Lucy felt her temper flare. A towering six-foot beauty with long blonde locks and cheekbones that could cut stone, Angelique probably couldn’t relate to anyone who didn’t roll out of bed ready for a close-up. Annoyed, Lucy jutted out her hip again, throwing back her chin slightly.
“Yes!” Wyatt exclaimed. “Much better.”
“Finally,” Angelique said. “Now try this one.” She pivoted her willowy frame so that the imaginary camera in front of her caught one side of her body and a bit of her back. Then she coquettishly turned her head, chin nearly at her shoulder, and smiled.
Lucy imitated, casting an insouciant grin at Wyatt in the mirror. He squinted back, examining her clinically, and then nodded. “Not bad,” he declared. “Great job.”
“Hey, thanks!” Lucy spun around to face him, shocked to hear praise escape his lips.
“Great job, Angelique. Now, Lucy, you may try walking.”
Day Six, 3:12 PM
“Fill in the blank,” Wyatt said. When Lucy emerged from the dressing room at Bergdorf in a black satin Dolce & Gabbana, he immediately shook his head. The dress was too overtly sexy for their purposes. He sent her back behind the black velvet curtain to try on the next outfit. “The gay male walker is a blank part of the socialite’s arsenal.”
“I don’t know.” Her voice was muffled by whatever she was pulling over her head. “Outdated?”
“Essential. Charming, stylish, erudite men never go out of style. I’ve booked you several lunch dates at La Goulue with the best in the business, so to speak. I won’t be able to go with you to every event, you know. I’ve got my own work to do.”
Lucy pushed back the curtain, flush-faced from the exertion of trying on three racks of clothes in record time. Now she modeled a sophisticated Rodarte cocktail dress in muted pink chiffon. It showed off her figure, which had already been significantly whittled thanks to Derrick. Wyatt gave a thumbs up.
“Give me three As Mother always says,” he said.
Back in the dressing room, Lucy was working her way into a cashmere sweater-coat and black cigarette pants. “As Mother always says, better to be overdressed than underdressed. As Mother always says, you can tell a great deal by the way a man eats his soup.” She threw back the curtain for Wyatt’s input on her latest ensemble.
He nodded appreciatively. “Perfect for weekends, you know, around the house.”
“Around the house?” Checking the price tag, she pulled a face. “You seriously think an eight hundred dollar sweater is appropriate loungewear for a Sunday at home?”
“Of course. You have to be camera-ready at all times. What else does Mother always say?”
Lucy sighed. “One can’t put a price on quality.”
Wyatt smiled. She was learning. And he was getting everything he needed for his book, working feverishly at night after fourteen-hour days with Lucy. The Overnight Socialite, he and Kipling were thinking about calling it. This experiment would be a landmark in anthropology—and it could jump-start his stalled career.
Day Seven, 1:54 AM
“How many times do I need to tell you? The G in Gstaad is silent!” Wyatt circled the couch where Lucy was now slumped like a wilted tulip. Though they’d been working tirelessly on her elocution, Lucy’s a’s remained as wide as the Great Plains, and her frequent “you knows” and tendency to rush-right-through-a-sentence-without-pausing-for-air were putting up a tenacious fight.

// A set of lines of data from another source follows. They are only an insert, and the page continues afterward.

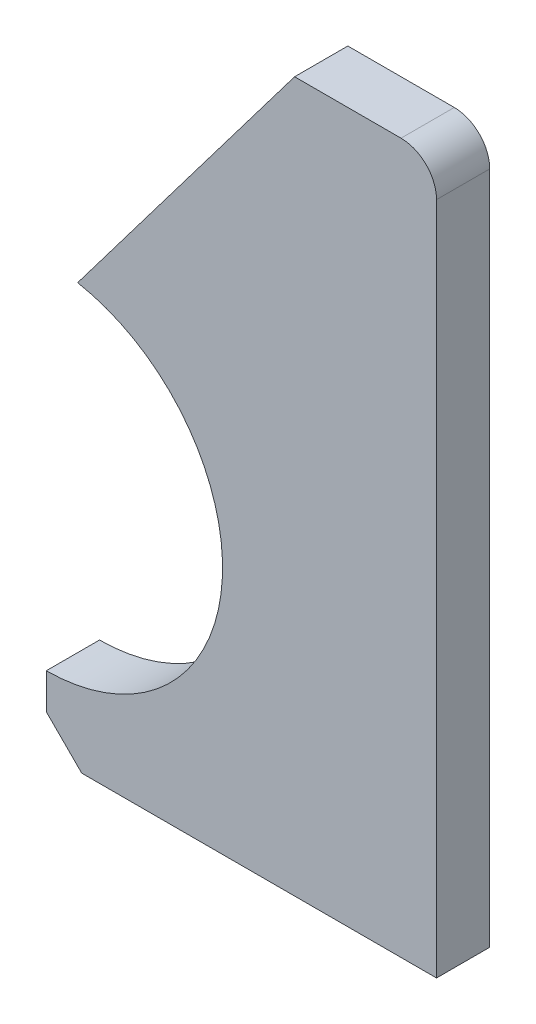
SolidWorks part; units mm, degrees
ref_plane "Front Plane" through (0, 0, 0) normal (0, 0, 1) x (1, 0, 0)
ref_plane "Top Plane" through (0, 0, 0) normal (0, 1, 0) x (1, 0, 0)
ref_plane "Right Plane" through (0, 0, 0) normal (1, 0, 0) x (0, 0, -1)
sketch "Sketch1" plane through (0, 0, 0) normal (0, 0, 1) x (1, 0, 0)
  line L0 (0, 0) -> (100, 0)
  line L1 (100, 0) -> (100, 190)
  line L2 (90, 200) -> (60, 200)
  line L3 (-10, 10) -> (0, 0)
  line L4 (-1.1494, 119.1538) -> (60, 200)
  line L5 (-10, 10) -> (-10, 20)
  arc A0 (-10, 20) -> (-1.1494, 119.1538) centre (-10.304, 69.9991) ccw
  arc A1 (90, 200) -> (100, 190) centre (90, 190) cw
  point P11 (100, 200)
  dimension "D4" = 50
  dimension "D5" = 10
  dimension "D1" = 200
  dimension "D2" = 40
  dimension "D3" = 100
  dimension "D6" = 10
extrude "Boss-Extrude1" add sketch "Sketch1" along normal blind 15
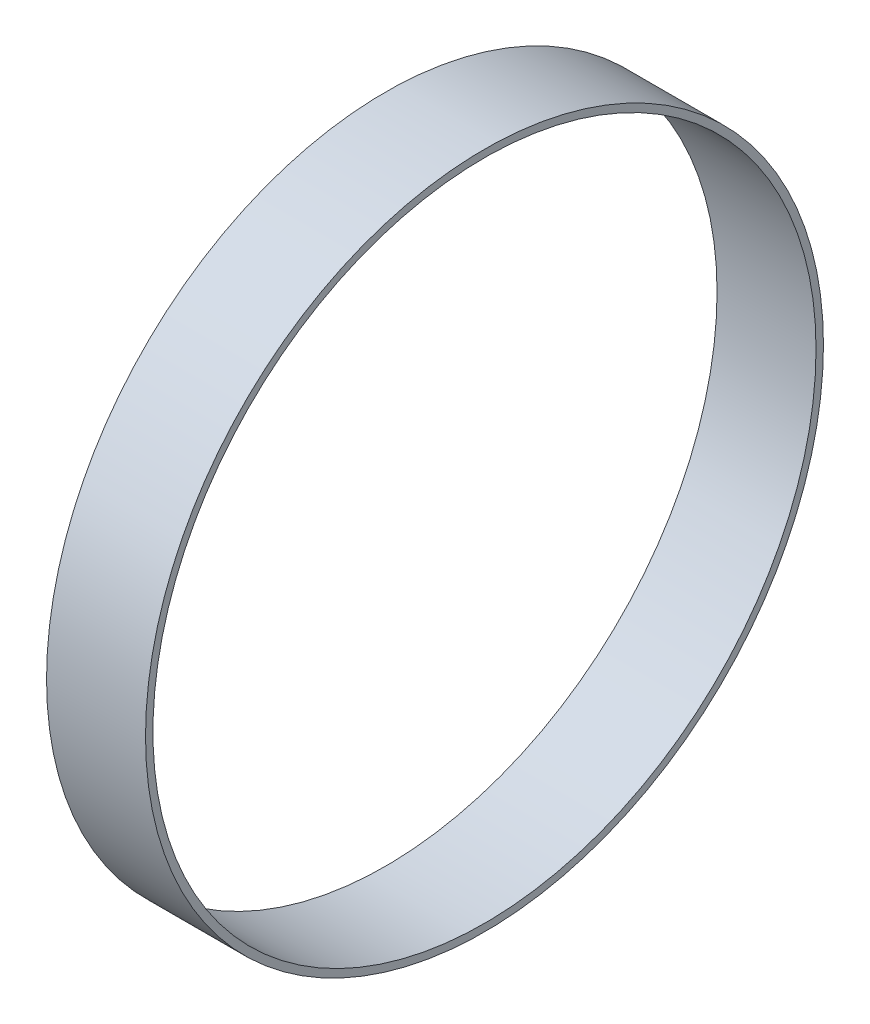
SolidWorks part; units mm, degrees
ref_plane "Front Plane" through (0, 0, 0) normal (1, 0, 0) x (0, 1, 0)
ref_plane "Top Plane" through (0, 0, 0) normal (0, 0, 1) x (0, 1, 0)
ref_plane "Right Plane" through (0, 0, 0) normal (0, 1, 0) x (-1, 0, 0)
sketch "Sketch1" plane through (0, 0, 0) normal (1, 0, 0) x (0, 1, 0)
  circle A0 centre (0, 0) radius 86.995
  circle A1 centre (0, 0) radius 85.09
  dimension "D1" = 173.99
  dimension "D2" = 170.18
extrude "Boss-Extrude1" add sketch "Sketch1" along normal blind 25.4
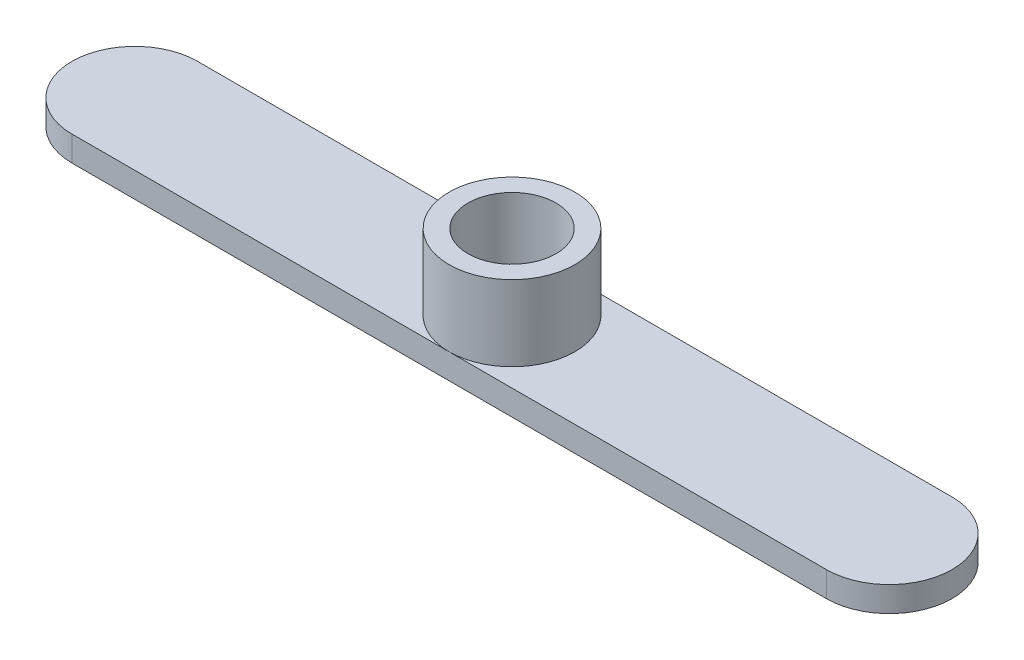
SolidWorks part; units mm, degrees
ref_plane "前视基准面" through (0, 0, 0) normal (0, 0, 1) x (1, 0, 0)
ref_plane "上视基准面" through (0, 0, 0) normal (0, 1, 0) x (1, 0, 0)
ref_plane "右视基准面" through (0, 0, 0) normal (1, 0, 0) x (0, 0, -1)
other "Configuration Table"
sketch "草图1" plane through (0, 0, 0) normal (0, 1, 0) x (1, 0, 0)
  line L1 (-15, 2.5) -> (15, 2.5)
  line L3 (-15, -2.5) -> (15, -2.5)
  line L5 (-15, 2.5) -> (15, -2.5) construction
  line L6 (-15, -2.5) -> (15, 2.5) construction
  arc A0 (-15, 2.5) -> (-15, -2.5) centre (-15, 0) ccw
  arc A1 (15, -2.5) -> (15, 2.5) centre (15, 0) ccw
  point P0 (0, 0)
  dimension "D3" = 2.5
  dimension "D4" = 2.5
  dimension "D1" = 30
  dimension "D2" = 5
extrude "凸台-拉伸1" add sketch "草图1" along normal blind 1
sketch "草图2" plane through (0, 0, 0) normal (0, 1, 0) x (1, 0, 0)
  circle A0 centre (0, 0) radius 2.5
  circle A1 centre (0, 0) radius 1.75
  dimension "D1" = 5
  dimension "D2" = 3.5
extrude "凸台-拉伸2" add sketch "草图2" along normal blind 4
sketch "草图3" plane through (0, 0, 0) normal (0, 1, 0) x (1, 0, 0)
  circle A0 centre (0, 0) radius 1
  dimension "D1" = 2
extrude "切除-拉伸1" cut sketch "草图3" along normal blind 4
sketch "草图4" plane through (0, 0, 0) normal (0, 1, 0) x (1, 0, 0)
  circle A0 centre (0, 0) radius 1.5
  dimension "D1" = 3
extrude "切除-拉伸2" cut sketch "草图4" along normal blind 0.5
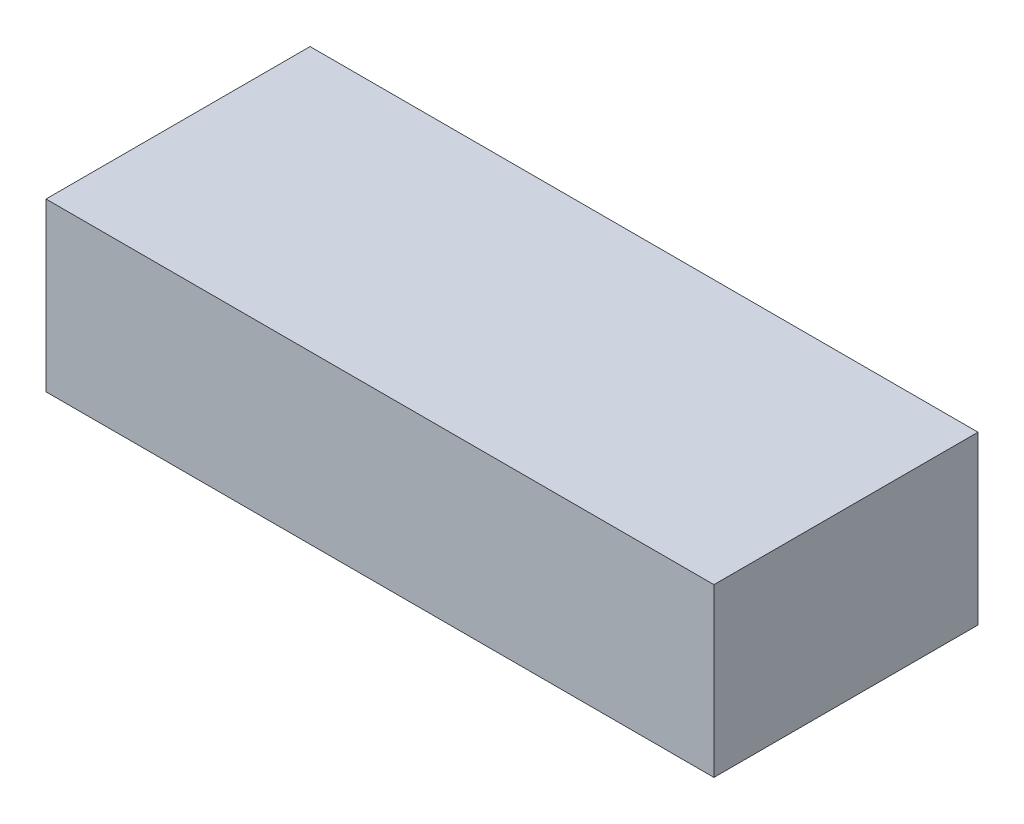
SolidWorks part; units mm, degrees
material "ABS"
ref_plane "Ön Düzlem" through (0, 0, 0) normal (0, 0, 1) x (1, 0, 0)
ref_plane "Üst Düzlem" through (0, 0, 0) normal (0, 1, 0) x (1, 0, 0)
ref_plane "Sağ Düzlem" through (0, 0, 0) normal (1, 0, 0) x (0, 0, -1)
sketch "Çizim1" plane through (0, 0, 0) normal (0, 1, 0) x (1, 0, 0)
  line L1 (-86, 34) -> (86, 34)
  line L2 (-86, 34) -> (-86, -34)
  line L3 (-86, -34) -> (86, -34)
  line L4 (86, 34) -> (86, -34)
  line L5 (-86, 34) -> (86, -34) construction
  line L6 (-86, -34) -> (86, 34) construction
  point P0 (0, 0)
  dimension "D1" = 68
  dimension "D2" = 172
extrude "Yükseklik-Ekstrüzyon1" add sketch "Çizim1" along normal mid plane 43

“The snow in Aspen puts Gstaad’s to shame,” Lucy repeated lifelessly.
“Get the marbles out! You’re still mumbling.” Growing impatient, Wyatt tapped his notebook with his pencil. “From the top.”
Lucy held up an index finger instead, taking several thirsty gulps from her water glass. Another ugly habit. Would he have to reteach the girl everything?
“Can we finish this tomorrow?” she whined. “I’m seriously about to pass out. And it’s Christmas Eve.”
“We’ll be finished when you’ve got it right!” Wyatt barked. Did she think he was enjoying hour six of listening to her butcher the English language? That he wouldn’t rather be drinking southsides on his mother’s terrace, the white lights of her twelve-foot Christmas tree twinkling behind him? “From the top, Lucy. And for God’s sake, sit up straight.”
She cleared her throat and collected herself into an erect posture on the front of the couch. “Didn’t we meet in Capri last July?” she continued, saying each word cautiously.
“Yes!” Wyatt stopped in his tracks. “Yes!” It was the first time she hadn’t pronounced the name of the island like those unflattering three-quarter-length pants. “Go on, go on!”
“I don’t want to be known merely as the Ellis heiress,” Lucy continued, looking surprised herself. “I prefer to be judged on my own merit.”
“Yes! That was actually good!”
“I was raised in Chicago, and my family summers in Nantucket.” Lucy looked equally shocked by the patrician accent leaving her lips. “You remind me of my roommate from boarding school.” They stared at each other in disbelief as she continued. “Who sets foot in Manhattan after Memorial Day?”
“That’s it!” Wyatt could barely restrain himself from jumping up and down. He closed his eyes. “Again!”
“The snow in Aspen puts Gstaad’s to shame!” Lucy shouted.
“I think you’ve got it!” Wyatt exclaimed. For six entire sentences she had sounded like a born-and-bred socialite, blue blood coursing through her veins. He grabbed her by the hands and pulled her up off the couch.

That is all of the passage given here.